What is needed is a verbatim copy of the data, minus the pictures.

● **Saved data entries**:
== Segment start ==

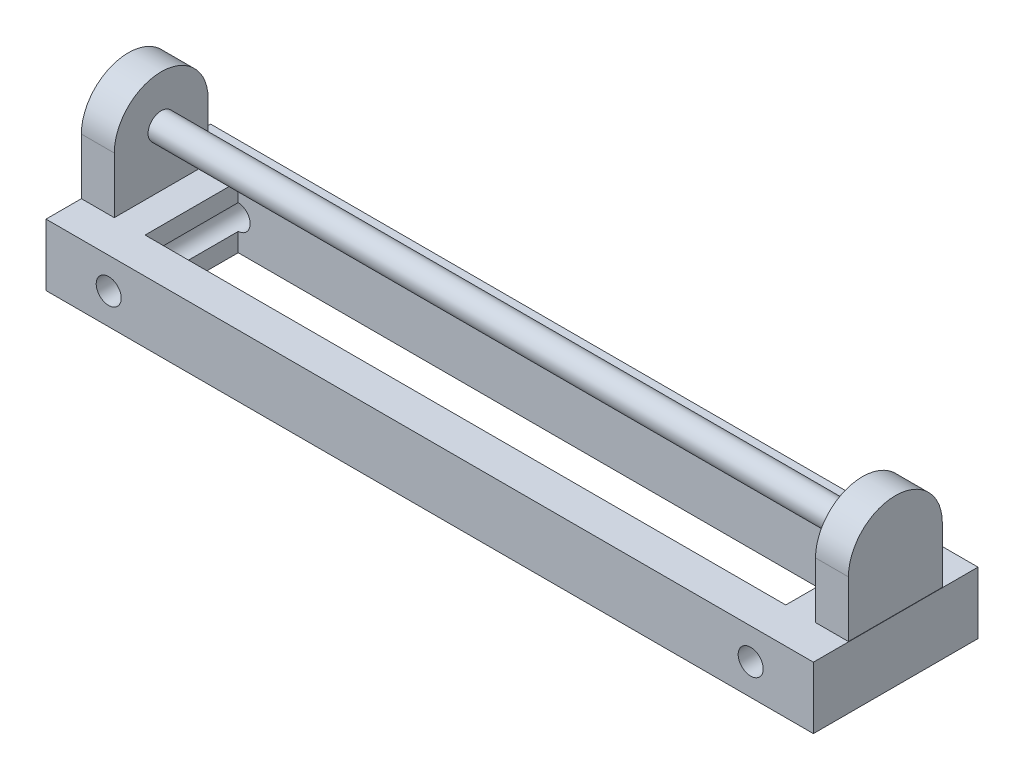
ISO-10303-21;
HEADER;
FILE_DESCRIPTION(('STEP AP214'),'2;1');
FILE_NAME('part.step','',(''),(''),'','','');
FILE_SCHEMA(('AUTOMOTIVE_DESIGN { 1 0 10303 214 1 1 1 1 }'));
ENDSEC;
DATA;
#1=APPLICATION_CONTEXT('core data for automotive mechanical design processes');
#2=APPLICATION_PROTOCOL_DEFINITION('international standard','automotive_design',2000,#1);
#3=PRODUCT_CONTEXT('',#1,'mechanical');
#4=PRODUCT('Part','Part','',(#3));
#5=PRODUCT_RELATED_PRODUCT_CATEGORY('part','',(#4));
#6=PRODUCT_DEFINITION_FORMATION('','',#4);
#7=PRODUCT_DEFINITION_CONTEXT('part definition',#1,'design');
#8=PRODUCT_DEFINITION('design','',#6,#7);
#9=PRODUCT_DEFINITION_SHAPE('','',#8);
#10=(LENGTH_UNIT() NAMED_UNIT(*) SI_UNIT(.MILLI.,.METRE.));
#11=(NAMED_UNIT(*) PLANE_ANGLE_UNIT() SI_UNIT($,.RADIAN.));
#12=(NAMED_UNIT(*) SI_UNIT($,.STERADIAN.) SOLID_ANGLE_UNIT());
#13=UNCERTAINTY_MEASURE_WITH_UNIT(LENGTH_MEASURE(1.E-05),#10,'distance_accuracy_value','');
#14=(GEOMETRIC_REPRESENTATION_CONTEXT(3) GLOBAL_UNCERTAINTY_ASSIGNED_CONTEXT((#13)) GLOBAL_UNIT_ASSIGNED_CONTEXT((#10,
#11,#12)) REPRESENTATION_CONTEXT('',''));
#15=CARTESIAN_POINT('',(0.,0.,0.));
#16=DIRECTION('',(0.,0.,1.));
#17=DIRECTION('',(1.,0.,0.));
#18=AXIS2_PLACEMENT_3D('',#15,#16,#17);
#19=CARTESIAN_POINT('',(0.,-0.612991157302917,50.));
#20=DIRECTION('',(0.,1.,0.));
#21=DIRECTION('',(0.,0.,1.));
#22=AXIS2_PLACEMENT_3D('',#19,#20,#21);
#23=PLANE('',#22);
#24=DIRECTION('',(1.,0.,0.));
#25=VECTOR('',#24,1.);
#26=CARTESIAN_POINT('',(-9.82732681158067,-0.612991157302914,10.8475881355509));
#27=LINE('',#26,#25);
#28=CARTESIAN_POINT('',(-9.82732681158067,-0.612991157302917,10.8475881355509));
#29=VERTEX_POINT('',#28);
#30=CARTESIAN_POINT('',(184.794211893689,-0.6129911573029,10.847588135551));
#31=VERTEX_POINT('',#30);
#32=EDGE_CURVE('E201',#29,#31,#27,.T.);
#33=ORIENTED_EDGE('',*,*,#32,.T.);
#34=DIRECTION('',(0.,0.,1.));
#35=VECTOR('',#34,1.);
#36=CARTESIAN_POINT('',(184.794211893689,-0.612991157302914,39.152411864449));
#37=LINE('',#36,#35);
#38=CARTESIAN_POINT('',(184.794211893689,-0.612991157302914,39.152411864449));
#39=VERTEX_POINT('',#38);
#40=EDGE_CURVE('E228',#31,#39,#37,.T.);
#41=ORIENTED_EDGE('',*,*,#40,.T.);
#42=DIRECTION('',(-1.,0.,0.));
#43=VECTOR('',#42,1.);
#44=CARTESIAN_POINT('',(-9.82732681158069,-0.612991157302914,39.152411864449));
#45=LINE('',#44,#43);
#46=CARTESIAN_POINT('',(-9.82732681158069,-0.612991157302914,39.152411864449));
#47=VERTEX_POINT('',#46);
#48=EDGE_CURVE('E210',#39,#47,#45,.T.);
#49=ORIENTED_EDGE('',*,*,#48,.T.);
#50=DIRECTION('',(0.,0.,-1.));
#51=VECTOR('',#50,1.);
#52=CARTESIAN_POINT('',(-9.82732681158069,-0.612991157302914,39.152411864449));
#53=LINE('',#52,#51);
#54=EDGE_CURVE('E206',#47,#29,#53,.T.);
#55=ORIENTED_EDGE('',*,*,#54,.T.);
#56=EDGE_LOOP('',(#33,#41,#49,#55));
#57=FACE_BOUND('',#56,.T.);
#58=DIRECTION('',(-1.,0.,0.));
#59=VECTOR('',#58,1.);
#60=CARTESIAN_POINT('',(-19.0662585842205,-0.612991157302956,10.7434951065919));
#61=LINE('',#60,#59);
#62=CARTESIAN_POINT('',(-19.0662585842205,-0.612991157302956,10.7434951065919));
#63=VERTEX_POINT('',#62);
#64=CARTESIAN_POINT('',(-29.0662585842205,-0.612991157302956,10.7434951065919));
#65=VERTEX_POINT('',#64);
#66=EDGE_CURVE('E297',#63,#65,#61,.T.);
#67=ORIENTED_EDGE('',*,*,#66,.F.);
#68=DIRECTION('',(0.,0.,1.));
#69=VECTOR('',#68,1.);
#70=CARTESIAN_POINT('',(-19.0662585842205,-0.612991157302952,39.2565048934081));
#71=LINE('',#70,#69);
#72=CARTESIAN_POINT('',(-19.0662585842205,-0.612991157302952,39.2565048934081));
#73=VERTEX_POINT('',#72);
#74=EDGE_CURVE('E278',#63,#73,#71,.T.);
#75=ORIENTED_EDGE('',*,*,#74,.T.);
#76=DIRECTION('',(-1.,0.,0.));
#77=VECTOR('',#76,1.);
#78=CARTESIAN_POINT('',(-19.0662585842205,-0.612991157302952,39.2565048934081));
#79=LINE('',#78,#77);
#80=CARTESIAN_POINT('',(-29.0662585842205,-0.612991157302917,39.2565048934081));
#81=VERTEX_POINT('',#80);
#82=EDGE_CURVE('E291',#73,#81,#79,.T.);
#83=ORIENTED_EDGE('',*,*,#82,.T.);
#84=DIRECTION('',(0.,0.,-1.));
#85=VECTOR('',#84,1.);
#86=CARTESIAN_POINT('',(-29.0662585842205,-0.612991157302917,50.));
#87=LINE('',#86,#85);
#88=CARTESIAN_POINT('',(-29.0662585842205,-0.612991157302917,50.));
#89=VERTEX_POINT('',#88);
#90=EDGE_CURVE('E43',#89,#81,#87,.T.);
#91=ORIENTED_EDGE('',*,*,#90,.F.);
#92=DIRECTION('',(1.,0.,0.));
#93=VECTOR('',#92,1.);
#94=CARTESIAN_POINT('',(0.,-0.612991157302917,50.));
#95=LINE('',#94,#93);
#96=CARTESIAN_POINT('',(204.033143666329,-0.612991157302917,50.));
#97=VERTEX_POINT('',#96);
#98=EDGE_CURVE('E364',#89,#97,#95,.T.);
#99=ORIENTED_EDGE('',*,*,#98,.T.);
#100=DIRECTION('',(0.,0.,-1.));
#101=VECTOR('',#100,1.);
#102=CARTESIAN_POINT('',(204.033143666329,-0.612991157302917,50.));
#103=LINE('',#102,#101);
#104=CARTESIAN_POINT('',(204.033143666329,-0.612991157302917,0.));
#105=VERTEX_POINT('',#104);
#106=EDGE_CURVE('E11',#97,#105,#103,.T.);
#107=ORIENTED_EDGE('',*,*,#106,.T.);
#108=DIRECTION('',(1.,0.,0.));
#109=VECTOR('',#108,1.);
#110=CARTESIAN_POINT('',(0.,-0.612991157302917,0.));
#111=LINE('',#110,#109);
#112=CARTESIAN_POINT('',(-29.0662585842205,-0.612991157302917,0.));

== Segment end ==

● **Task output**:
ISO-10303-21;
HEADER;
FILE_DESCRIPTION(('STEP AP214'),'2;1');
FILE_NAME('part.step','',(''),(''),'','','');
FILE_SCHEMA(('AUTOMOTIVE_DESIGN { 1 0 10303 214 1 1 1 1 }'));
ENDSEC;
DATA;
#1=APPLICATION_CONTEXT('core data for automotive mechanical design processes');
#2=APPLICATION_PROTOCOL_DEFINITION('international standard','automotive_design',2000,#1);
#3=PRODUCT_CONTEXT('',#1,'mechanical');
#4=PRODUCT('Part','Part','',(#3));
#5=PRODUCT_RELATED_PRODUCT_CATEGORY('part','',(#4));
#6=PRODUCT_DEFINITION_FORMATION('','',#4);
#7=PRODUCT_DEFINITION_CONTEXT('part definition',#1,'design');
#8=PRODUCT_DEFINITION('design','',#6,#7);
#9=PRODUCT_DEFINITION_SHAPE('','',#8);
#10=(LENGTH_UNIT() NAMED_UNIT(*) SI_UNIT(.MILLI.,.METRE.));
#11=(NAMED_UNIT(*) PLANE_ANGLE_UNIT() SI_UNIT($,.RADIAN.));
#12=(NAMED_UNIT(*) SI_UNIT($,.STERADIAN.) SOLID_ANGLE_UNIT());
#13=UNCERTAINTY_MEASURE_WITH_UNIT(LENGTH_MEASURE(1.E-05),#10,'distance_accuracy_value','');
#14=(GEOMETRIC_REPRESENTATION_CONTEXT(3) GLOBAL_UNCERTAINTY_ASSIGNED_CONTEXT((#13)) GLOBAL_UNIT_ASSIGNED_CONTEXT((#10,
#11,#12)) REPRESENTATION_CONTEXT('',''));
#15=CARTESIAN_POINT('',(0.,0.,0.));
#16=DIRECTION('',(0.,0.,1.));
#17=DIRECTION('',(1.,0.,0.));
#18=AXIS2_PLACEMENT_3D('',#15,#16,#17);
#19=CARTESIAN_POINT('',(0.,-0.612991157302917,50.));
#20=DIRECTION('',(0.,1.,0.));
#21=DIRECTION('',(0.,0.,1.));
#22=AXIS2_PLACEMENT_3D('',#19,#20,#21);
#23=PLANE('',#22);
#24=DIRECTION('',(1.,0.,0.));
#25=VECTOR('',#24,1.);
#26=CARTESIAN_POINT('',(-9.82732681158067,-0.612991157302914,10.8475881355509));
#27=LINE('',#26,#25);
#28=CARTESIAN_POINT('',(-9.82732681158067,-0.612991157302917,10.8475881355509));
#29=VERTEX_POINT('',#28);
#30=CARTESIAN_POINT('',(184.794211893689,-0.6129911573029,10.847588135551));
#31=VERTEX_POINT('',#30);
#32=EDGE_CURVE('E201',#29,#31,#27,.T.);
#33=ORIENTED_EDGE('',*,*,#32,.T.);
#34=DIRECTION('',(0.,0.,1.));
#35=VECTOR('',#34,1.);
#36=CARTESIAN_POINT('',(184.794211893689,-0.612991157302914,39.152411864449));
#37=LINE('',#36,#35);
#38=CARTESIAN_POINT('',(184.794211893689,-0.612991157302914,39.152411864449));
#39=VERTEX_POINT('',#38);
#40=EDGE_CURVE('E228',#31,#39,#37,.T.);
#41=ORIENTED_EDGE('',*,*,#40,.T.);
#42=DIRECTION('',(-1.,0.,0.));
#43=VECTOR('',#42,1.);
#44=CARTESIAN_POINT('',(-9.82732681158069,-0.612991157302914,39.152411864449));
#45=LINE('',#44,#43);
#46=CARTESIAN_POINT('',(-9.82732681158069,-0.612991157302914,39.152411864449));
#47=VERTEX_POINT('',#46);
#48=EDGE_CURVE('E210',#39,#47,#45,.T.);
#49=ORIENTED_EDGE('',*,*,#48,.T.);
#50=DIRECTION('',(0.,0.,-1.));
#51=VECTOR('',#50,1.);
#52=CARTESIAN_POINT('',(-9.82732681158069,-0.612991157302914,39.152411864449));
#53=LINE('',#52,#51);
#54=EDGE_CURVE('E206',#47,#29,#53,.T.);
#55=ORIENTED_EDGE('',*,*,#54,.T.);
#56=EDGE_LOOP('',(#33,#41,#49,#55));
#57=FACE_BOUND('',#56,.T.);
#58=DIRECTION('',(-1.,0.,0.));
#59=VECTOR('',#58,1.);
#60=CARTESIAN_POINT('',(-19.0662585842205,-0.612991157302956,10.7434951065919));
#61=LINE('',#60,#59);
#62=CARTESIAN_POINT('',(-19.0662585842205,-0.612991157302956,10.7434951065919));
#63=VERTEX_POINT('',#62);
#64=CARTESIAN_POINT('',(-29.0662585842205,-0.612991157302956,10.7434951065919));
#65=VERTEX_POINT('',#64);
#66=EDGE_CURVE('E297',#63,#65,#61,.T.);
#67=ORIENTED_EDGE('',*,*,#66,.F.);
#68=DIRECTION('',(0.,0.,1.));
#69=VECTOR('',#68,1.);
#70=CARTESIAN_POINT('',(-19.0662585842205,-0.612991157302952,39.2565048934081));
#71=LINE('',#70,#69);
#72=CARTESIAN_POINT('',(-19.0662585842205,-0.612991157302952,39.2565048934081));
#73=VERTEX_POINT('',#72);
#74=EDGE_CURVE('E278',#63,#73,#71,.T.);
#75=ORIENTED_EDGE('',*,*,#74,.T.);
#76=DIRECTION('',(-1.,0.,0.));
#77=VECTOR('',#76,1.);
#78=CARTESIAN_POINT('',(-19.0662585842205,-0.612991157302952,39.2565048934081));
#79=LINE('',#78,#77);
#80=CARTESIAN_POINT('',(-29.0662585842205,-0.612991157302917,39.2565048934081));
#81=VERTEX_POINT('',#80);
#82=EDGE_CURVE('E291',#73,#81,#79,.T.);
#83=ORIENTED_EDGE('',*,*,#82,.T.);
#84=DIRECTION('',(0.,0.,-1.));
#85=VECTOR('',#84,1.);
#86=CARTESIAN_POINT('',(-29.0662585842205,-0.612991157302917,50.));
#87=LINE('',#86,#85);
#88=CARTESIAN_POINT('',(-29.0662585842205,-0.612991157302917,50.));
#89=VERTEX_POINT('',#88);
#90=EDGE_CURVE('E43',#89,#81,#87,.T.);
#91=ORIENTED_EDGE('',*,*,#90,.F.);
#92=DIRECTION('',(1.,0.,0.));
#93=VECTOR('',#92,1.);
#94=CARTESIAN_POINT('',(0.,-0.612991157302917,50.));
#95=LINE('',#94,#93);
#96=CARTESIAN_POINT('',(204.033143666329,-0.612991157302917,50.));
#97=VERTEX_POINT('',#96);
#98=EDGE_CURVE('E364',#89,#97,#95,.T.);
#99=ORIENTED_EDGE('',*,*,#98,.T.);
#100=DIRECTION('',(0.,0.,-1.));
#101=VECTOR('',#100,1.);
#102=CARTESIAN_POINT('',(204.033143666329,-0.612991157302917,50.));
#103=LINE('',#102,#101);
#104=CARTESIAN_POINT('',(204.033143666329,-0.612991157302917,0.));
#105=VERTEX_POINT('',#104);
#106=EDGE_CURVE('E11',#97,#105,#103,.T.);
#107=ORIENTED_EDGE('',*,*,#106,.T.);
#108=DIRECTION('',(1.,0.,0.));
#109=VECTOR('',#108,1.);
#110=CARTESIAN_POINT('',(0.,-0.612991157302917,0.));
#111=LINE('',#110,#109);
#112=CARTESIAN_POINT('',(-29.0662585842205,-0.612991157302917,0.));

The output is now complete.